§ **TASK STATEMENT**:
Your copy of the listing must be exact and must hold no images.

(GIVEN DATA Opens)

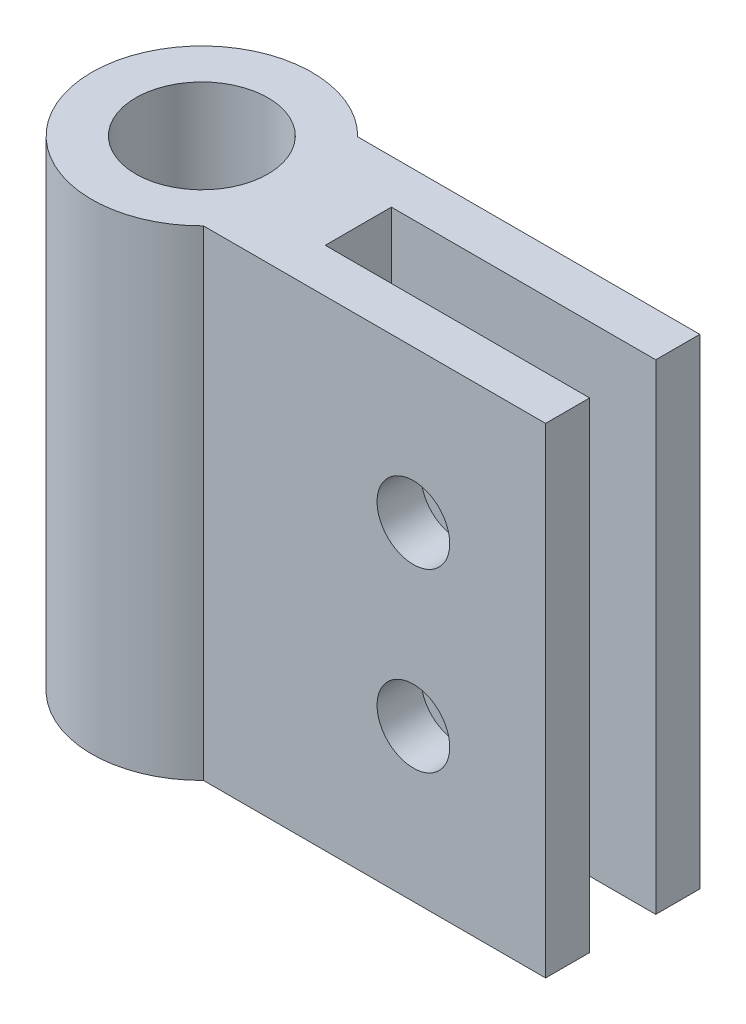
SolidWorks part; units mm, degrees
ref_plane "前视基准面" through (0, 0, 0) normal (0, 0, 1) x (1, 0, 0)
ref_plane "上视基准面" through (0, 0, 0) normal (0, 1, 0) x (1, 0, 0)
ref_plane "右视基准面" through (0, 0, 0) normal (1, 0, 0) x (0, 0, -1)
sketch "草图1" plane through (0, 0, 0) normal (0, 1, 0) x (1, 0, 0)
  circle A0 centre (0, 0) radius 3
  circle A1 centre (0, 0) radius 5
  dimension "D1" = 6
  dimension "D2" = 2
extrude "凸台-拉伸1" add sketch "草图1" along normal blind 21.8
sketch "草图2" plane through (0, 21.8, 0) normal (0, 1, 0) x (1, 0, 0)
  line L1 (19.1, -3.5) -> (3.1, -3.5)
  line L2 (19.1, -3.5) -> (19.1, 3.5)
  line L3 (19.1, 3.5) -> (3.1, 3.5)
  line L4 (3.1, -3.5) -> (3.1, 3.5)
  line L5 (19.1, -3.5) -> (3.1, 3.5) construction
  line L6 (19.1, 3.5) -> (3.1, -3.5) construction
  point P0 (11.1, 0)
  dimension "D1" = 11.1
  dimension "D2" = 16
  dimension "D3" = 7
extrude "凸台-拉伸2" add sketch "草图2" against normal up to surface (21.8 mm away) up to face at (0, 0, 5)
sketch "草图3" plane through (0, 21.8, 0) normal (0, 1, 0) x (1, 0, 0)
  line L0 (19.1, -3.5) -> (19.1, 3.5) construction
  line L1 (7.1, -1.5) -> (19.1, -1.5)
  line L2 (7.1, -1.5) -> (7.1, 1.5)
  line L3 (7.1, 1.5) -> (19.1, 1.5)
  line L4 (19.1, -1.5) -> (19.1, 1.5)
  line L5 (7.1, -1.5) -> (19.1, 1.5) construction
  line L6 (7.1, 1.5) -> (19.1, -1.5) construction
  point P0 (13.1, 0)
  dimension "D1" = 3
  dimension "D2" = 12
extrude "切除-拉伸1" cut sketch "草图3" against normal blind 22
sketch "草图4" plane through (0, 0, 3.5) normal (0, 0, 1) x (1, 0, 0)
  line L0 (7.1, 0) -> (7.1, 21.8) construction
  line L1 (7.1, 0) -> (7.1, 21.8) construction
  line L2 (3.5707, 21.8) -> (19.1, 21.8) construction
  circle A0 centre (13.1, 14.9) radius 1.65
  circle A1 centre (13.1, 6.9) radius 1.65
  dimension "D1" = 3.3
  dimension "D2" = 3.3
  dimension "D3" = 6.9
  dimension "D4" = 6
  dimension "D5" = 8
extrude "切除-拉伸2" cut sketch "草图4" against normal blind 22

(GIVEN DATA Closes)

§ **RESPONSE**:
SolidWorks part; units mm, degrees
ref_plane "前视基准面" through (0, 0, 0) normal (0, 0, 1) x (1, 0, 0)
ref_plane "上视基准面" through (0, 0, 0) normal (0, 1, 0) x (1, 0, 0)
ref_plane "右视基准面" through (0, 0, 0) normal (1, 0, 0) x (0, 0, -1)
sketch "草图1" plane through (0, 0, 0) normal (0, 1, 0) x (1, 0, 0)
  circle A0 centre (0, 0) radius 3
  circle A1 centre (0, 0) radius 5
  dimension "D1" = 6
  dimension "D2" = 2
extrude "凸台-拉伸1" add sketch "草图1" along normal blind 21.8
sketch "草图2" plane through (0, 21.8, 0) normal (0, 1, 0) x (1, 0, 0)
  line L1 (19.1, -3.5) -> (3.1, -3.5)
  line L2 (19.1, -3.5) -> (19.1, 3.5)
  line L3 (19.1, 3.5) -> (3.1, 3.5)
  line L4 (3.1, -3.5) -> (3.1, 3.5)
  line L5 (19.1, -3.5) -> (3.1, 3.5) construction
  line L6 (19.1, 3.5) -> (3.1, -3.5) construction
  point P0 (11.1, 0)
  dimension "D1" = 11.1
  dimension "D2" = 16
  dimension "D3" = 7
extrude "凸台-拉伸2" add sketch "草图2" against normal up to surface (21.8 mm away) up to face at (0, 0, 5)
sketch "草图3" plane through (0, 21.8, 0) normal (0, 1, 0) x (1, 0, 0)
  line L0 (19.1, -3.5) -> (19.1, 3.5) construction
  line L1 (7.1, -1.5) -> (19.1, -1.5)
  line L2 (7.1, -1.5) -> (7.1, 1.5)
  line L3 (7.1, 1.5) -> (19.1, 1.5)
  line L4 (19.1, -1.5) -> (19.1, 1.5)
  line L5 (7.1, -1.5) -> (19.1, 1.5) construction
  line L6 (7.1, 1.5) -> (19.1, -1.5) construction
  point P0 (13.1, 0)
  dimension "D1" = 3
  dimension "D2" = 12
extrude "切除-拉伸1" cut sketch "草图3" against normal blind 22
sketch "草图4" plane through (0, 0, 3.5) normal (0, 0, 1) x (1, 0, 0)
  line L0 (7.1, 0) -> (7.1, 21.8) construction
  line L1 (7.1, 0) -> (7.1, 21.8) construction
  line L2 (3.5707, 21.8) -> (19.1, 21.8) construction
  circle A0 centre (13.1, 14.9) radius 1.65
  circle A1 centre (13.1, 6.9) radius 1.65
  dimension "D1" = 3.3
  dimension "D2" = 3.3
  dimension "D3" = 6.9
  dimension "D4" = 6
  dimension "D5" = 8
extrude "切除-拉伸2" cut sketch "草图4" against normal blind 22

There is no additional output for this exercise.